WHAT THE TASK REQUIRES
From the records below, transcribe exactly the lines that begin at the line with "#6462 = CARTESIAN_POINT" and end at the line with "#12622 = LINE ( 'NONE', #6462, #2695 ) ;", both included.

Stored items
*** Block opens ***

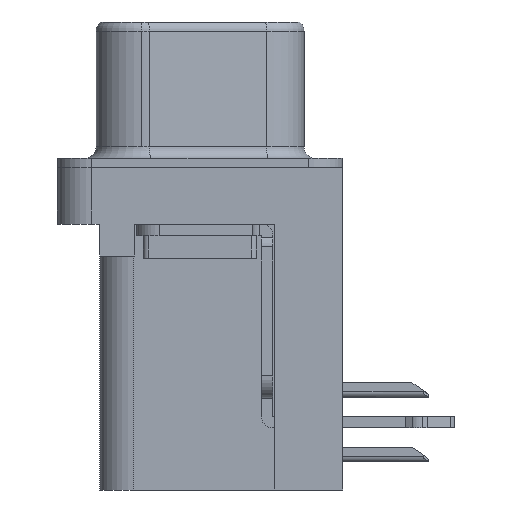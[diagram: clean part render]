
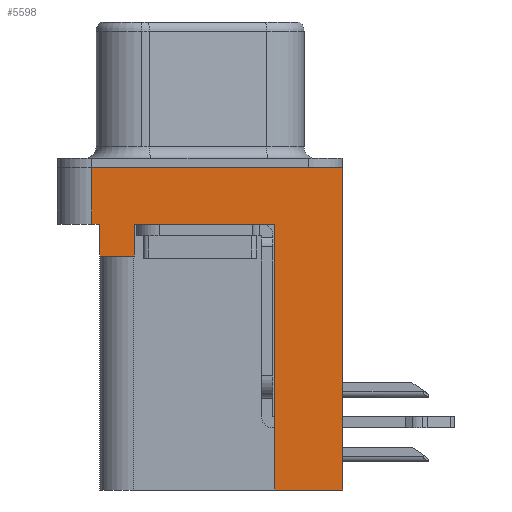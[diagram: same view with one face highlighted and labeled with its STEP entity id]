
A CAD part, left-side view. The second image highlights one B-rep face of the part: STEP entity #5598.
In plain terms, the highlighted planar face has unit normal (-1, 0, 0).
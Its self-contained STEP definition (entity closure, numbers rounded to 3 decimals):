
#88 = ORIENTED_EDGE ( 'NONE', *, *, #6336, .F. ) ;
#233 = EDGE_CURVE ( 'NONE', #14991, #1513, #14949, .T. ) ;
#306 = CARTESIAN_POINT ( 'NONE',  ( -2.935, -3.295, -14.2 ) ) ;
#507 = CARTESIAN_POINT ( 'NONE',  ( -2.935, 4.775, -2.5 ) ) ;
#620 = VECTOR ( 'NONE', #13006, 1000. ) ;
#665 = CARTESIAN_POINT ( 'NONE',  ( -2.935, -3.295, -14.2 ) ) ;
#821 = CARTESIAN_POINT ( 'NONE',  ( -2.935, -6.275, -2.5 ) ) ;
#896 = VECTOR ( 'NONE', #1935, 1000. ) ;
#907 = LINE ( 'NONE', #5170, #620 ) ;
#1018 = EDGE_CURVE ( 'NONE', #14991, #19112, #8955, .T. ) ;
#1024 = PLANE ( 'NONE',  #3675 ) ;
#1199 = CARTESIAN_POINT ( 'NONE',  ( -2.935, -6.275, 0. ) ) ;
#1222 = CARTESIAN_POINT ( 'NONE',  ( -2.935, -3.295, -2.5 ) ) ;
#1256 = DIRECTION ( 'NONE',  ( 0., 1., 0. ) ) ;
#1269 = LINE ( 'NONE', #18321, #10722 ) ;
#1428 = ORIENTED_EDGE ( 'NONE', *, *, #13707, .F. ) ;
#1508 = LINE ( 'NONE', #8940, #13902 ) ;
#1513 = VERTEX_POINT ( 'NONE', #14953 ) ;
#1898 = VECTOR ( 'NONE', #11752, 1000. ) ;
#1935 = DIRECTION ( 'NONE',  ( 0., 0., 1. ) ) ;
#2093 = VECTOR ( 'NONE', #2782, 1000. ) ;
#2403 = VERTEX_POINT ( 'NONE', #13721 ) ;
#2586 = EDGE_CURVE ( 'NONE', #12264, #2403, #12622, .T. ) ;
#2611 = DIRECTION ( 'NONE',  ( -1., 0., 0. ) ) ;
#2695 = VECTOR ( 'NONE', #5178, 1000. ) ;
#2769 = VERTEX_POINT ( 'NONE', #5480 ) ;
#2782 = DIRECTION ( 'NONE',  ( 0., -1., 0. ) ) ;
#3590 = EDGE_CURVE ( 'NONE', #19112, #5632, #12748, .T. ) ;
#3675 = AXIS2_PLACEMENT_3D ( 'NONE', #821, #2611, #13116 ) ;
#3721 = VECTOR ( 'NONE', #1256, 1000. ) ;
#4890 = LINE ( 'NONE', #10950, #9068 ) ;
#4950 = ORIENTED_EDGE ( 'NONE', *, *, #2586, .F. ) ;
#5170 = CARTESIAN_POINT ( 'NONE',  ( -2.935, -6.275, -2.5 ) ) ;
#5178 = DIRECTION ( 'NONE',  ( 0., 0., 1. ) ) ;
#5480 = CARTESIAN_POINT ( 'NONE',  ( -2.935, 2.895, -2.5 ) ) ;
#5598 = ADVANCED_FACE ( 'NONE', ( #9856 ), #1024, .T. ) ;
#5632 = VERTEX_POINT ( 'NONE', #1222 ) ;
#6336 = EDGE_CURVE ( 'NONE', #10548, #1513, #7331, .T. ) ;
#6462 = CARTESIAN_POINT ( 'NONE',  ( -2.935, 4.425, -3.9 ) ) ;
#7233 = ORIENTED_EDGE ( 'NONE', *, *, #9114, .F. ) ;
#7331 = LINE ( 'NONE', #1199, #2093 ) ;
#7508 = CARTESIAN_POINT ( 'NONE',  ( -2.935, -6.275, -2.5 ) ) ;
#8215 = CARTESIAN_POINT ( 'NONE',  ( -2.935, -6.275, -14.2 ) ) ;
#8265 = CARTESIAN_POINT ( 'NONE',  ( -2.935, 2.895, -3.9 ) ) ;
#8389 = VERTEX_POINT ( 'NONE', #507 ) ;
#8940 = CARTESIAN_POINT ( 'NONE',  ( -2.935, 2.895, -3.9 ) ) ;
#8955 = LINE ( 'NONE', #306, #1898 ) ;
#9068 = VECTOR ( 'NONE', #18691, 1000. ) ;
#9114 = EDGE_CURVE ( 'NONE', #8389, #10548, #1269, .T. ) ;
#9416 = ORIENTED_EDGE ( 'NONE', *, *, #14620, .T. ) ;
#9460 = EDGE_LOOP ( 'NONE', ( #88, #7233, #9416, #4950, #1428, #15266, #10028, #11374, #10904, #17797 ) ) ;
#9856 = FACE_OUTER_BOUND ( 'NONE', #9460, .T. ) ;
#10028 = ORIENTED_EDGE ( 'NONE', *, *, #11047, .T. ) ;
#10050 = EDGE_CURVE ( 'NONE', #18516, #2769, #1508, .T. ) ;
#10548 = VERTEX_POINT ( 'NONE', #11078 ) ;
#10722 = VECTOR ( 'NONE', #12364, 1000. ) ;
#10802 = VECTOR ( 'NONE', #13855, 1000. ) ;
#10904 = ORIENTED_EDGE ( 'NONE', *, *, #1018, .F. ) ;
#10950 = CARTESIAN_POINT ( 'NONE',  ( -2.935, -6.275, -2.5 ) ) ;
#11047 = EDGE_CURVE ( 'NONE', #2769, #5632, #4890, .T. ) ;
#11078 = CARTESIAN_POINT ( 'NONE',  ( -2.935, 4.775, 0. ) ) ;
#11251 = CARTESIAN_POINT ( 'NONE',  ( -2.935, 4.425, -3.9 ) ) ;
#11374 = ORIENTED_EDGE ( 'NONE', *, *, #3590, .F. ) ;
#11752 = DIRECTION ( 'NONE',  ( 0., 1., 0. ) ) ;
#12264 = VERTEX_POINT ( 'NONE', #11251 ) ;
#12364 = DIRECTION ( 'NONE',  ( 0., 0., 1. ) ) ;
#12622 = LINE ( 'NONE', #6462, #2695 ) ;
#12748 = LINE ( 'NONE', #15611, #896 ) ;
#13006 = DIRECTION ( 'NONE',  ( 0., -1., 0. ) ) ;
#13116 = DIRECTION ( 'NONE',  ( 0., 0., 1. ) ) ;
#13707 = EDGE_CURVE ( 'NONE', #18516, #12264, #19514, .T. ) ;
#13721 = CARTESIAN_POINT ( 'NONE',  ( -2.935, 4.425, -2.5 ) ) ;
#13855 = DIRECTION ( 'NONE',  ( 0., 0., 1. ) ) ;
#13902 = VECTOR ( 'NONE', #15082, 1000. ) ;
#14620 = EDGE_CURVE ( 'NONE', #8389, #2403, #907, .T. ) ;
#14925 = CARTESIAN_POINT ( 'NONE',  ( -2.935, 4.425, -3.9 ) ) ;
#14949 = LINE ( 'NONE', #7508, #10802 ) ;
#14953 = CARTESIAN_POINT ( 'NONE',  ( -2.935, -6.275, 0. ) ) ;
#14991 = VERTEX_POINT ( 'NONE', #8215 ) ;
#15082 = DIRECTION ( 'NONE',  ( 0., 0., 1. ) ) ;
#15266 = ORIENTED_EDGE ( 'NONE', *, *, #10050, .T. ) ;
#15611 = CARTESIAN_POINT ( 'NONE',  ( -2.935, -3.295, -14.2 ) ) ;
#17797 = ORIENTED_EDGE ( 'NONE', *, *, #233, .T. ) ;
#18321 = CARTESIAN_POINT ( 'NONE',  ( -2.935, 4.775, -2.5 ) ) ;
#18516 = VERTEX_POINT ( 'NONE', #8265 ) ;
#18691 = DIRECTION ( 'NONE',  ( 0., -1., 0. ) ) ;
#19112 = VERTEX_POINT ( 'NONE', #665 ) ;
#19514 = LINE ( 'NONE', #14925, #3721 ) ;

*** Block closes ***

WORKED SOLUTION
#6462 = CARTESIAN_POINT ( 'NONE',  ( -2.935, 4.425, -3.9 ) ) ;
#7233 = ORIENTED_EDGE ( 'NONE', *, *, #9114, .F. ) ;
#7331 = LINE ( 'NONE', #1199, #2093 ) ;
#7508 = CARTESIAN_POINT ( 'NONE',  ( -2.935, -6.275, -2.5 ) ) ;
#8215 = CARTESIAN_POINT ( 'NONE',  ( -2.935, -6.275, -14.2 ) ) ;
#8265 = CARTESIAN_POINT ( 'NONE',  ( -2.935, 2.895, -3.9 ) ) ;
#8389 = VERTEX_POINT ( 'NONE', #507 ) ;
#8940 = CARTESIAN_POINT ( 'NONE',  ( -2.935, 2.895, -3.9 ) ) ;
#8955 = LINE ( 'NONE', #306, #1898 ) ;
#9068 = VECTOR ( 'NONE', #18691, 1000. ) ;
#9114 = EDGE_CURVE ( 'NONE', #8389, #10548, #1269, .T. ) ;
#9416 = ORIENTED_EDGE ( 'NONE', *, *, #14620, .T. ) ;
#9460 = EDGE_LOOP ( 'NONE', ( #88, #7233, #9416, #4950, #1428, #15266, #10028, #11374, #10904, #17797 ) ) ;
#9856 = FACE_OUTER_BOUND ( 'NONE', #9460, .T. ) ;
#10028 = ORIENTED_EDGE ( 'NONE', *, *, #11047, .T. ) ;
#10050 = EDGE_CURVE ( 'NONE', #18516, #2769, #1508, .T. ) ;
#10548 = VERTEX_POINT ( 'NONE', #11078 ) ;
#10722 = VECTOR ( 'NONE', #12364, 1000. ) ;
#10802 = VECTOR ( 'NONE', #13855, 1000. ) ;
#10904 = ORIENTED_EDGE ( 'NONE', *, *, #1018, .F. ) ;
#10950 = CARTESIAN_POINT ( 'NONE',  ( -2.935, -6.275, -2.5 ) ) ;
#11047 = EDGE_CURVE ( 'NONE', #2769, #5632, #4890, .T. ) ;
#11078 = CARTESIAN_POINT ( 'NONE',  ( -2.935, 4.775, 0. ) ) ;
#11251 = CARTESIAN_POINT ( 'NONE',  ( -2.935, 4.425, -3.9 ) ) ;
#11374 = ORIENTED_EDGE ( 'NONE', *, *, #3590, .F. ) ;
#11752 = DIRECTION ( 'NONE',  ( 0., 1., 0. ) ) ;
#12264 = VERTEX_POINT ( 'NONE', #11251 ) ;
#12364 = DIRECTION ( 'NONE',  ( 0., 0., 1. ) ) ;
#12622 = LINE ( 'NONE', #6462, #2695 ) ;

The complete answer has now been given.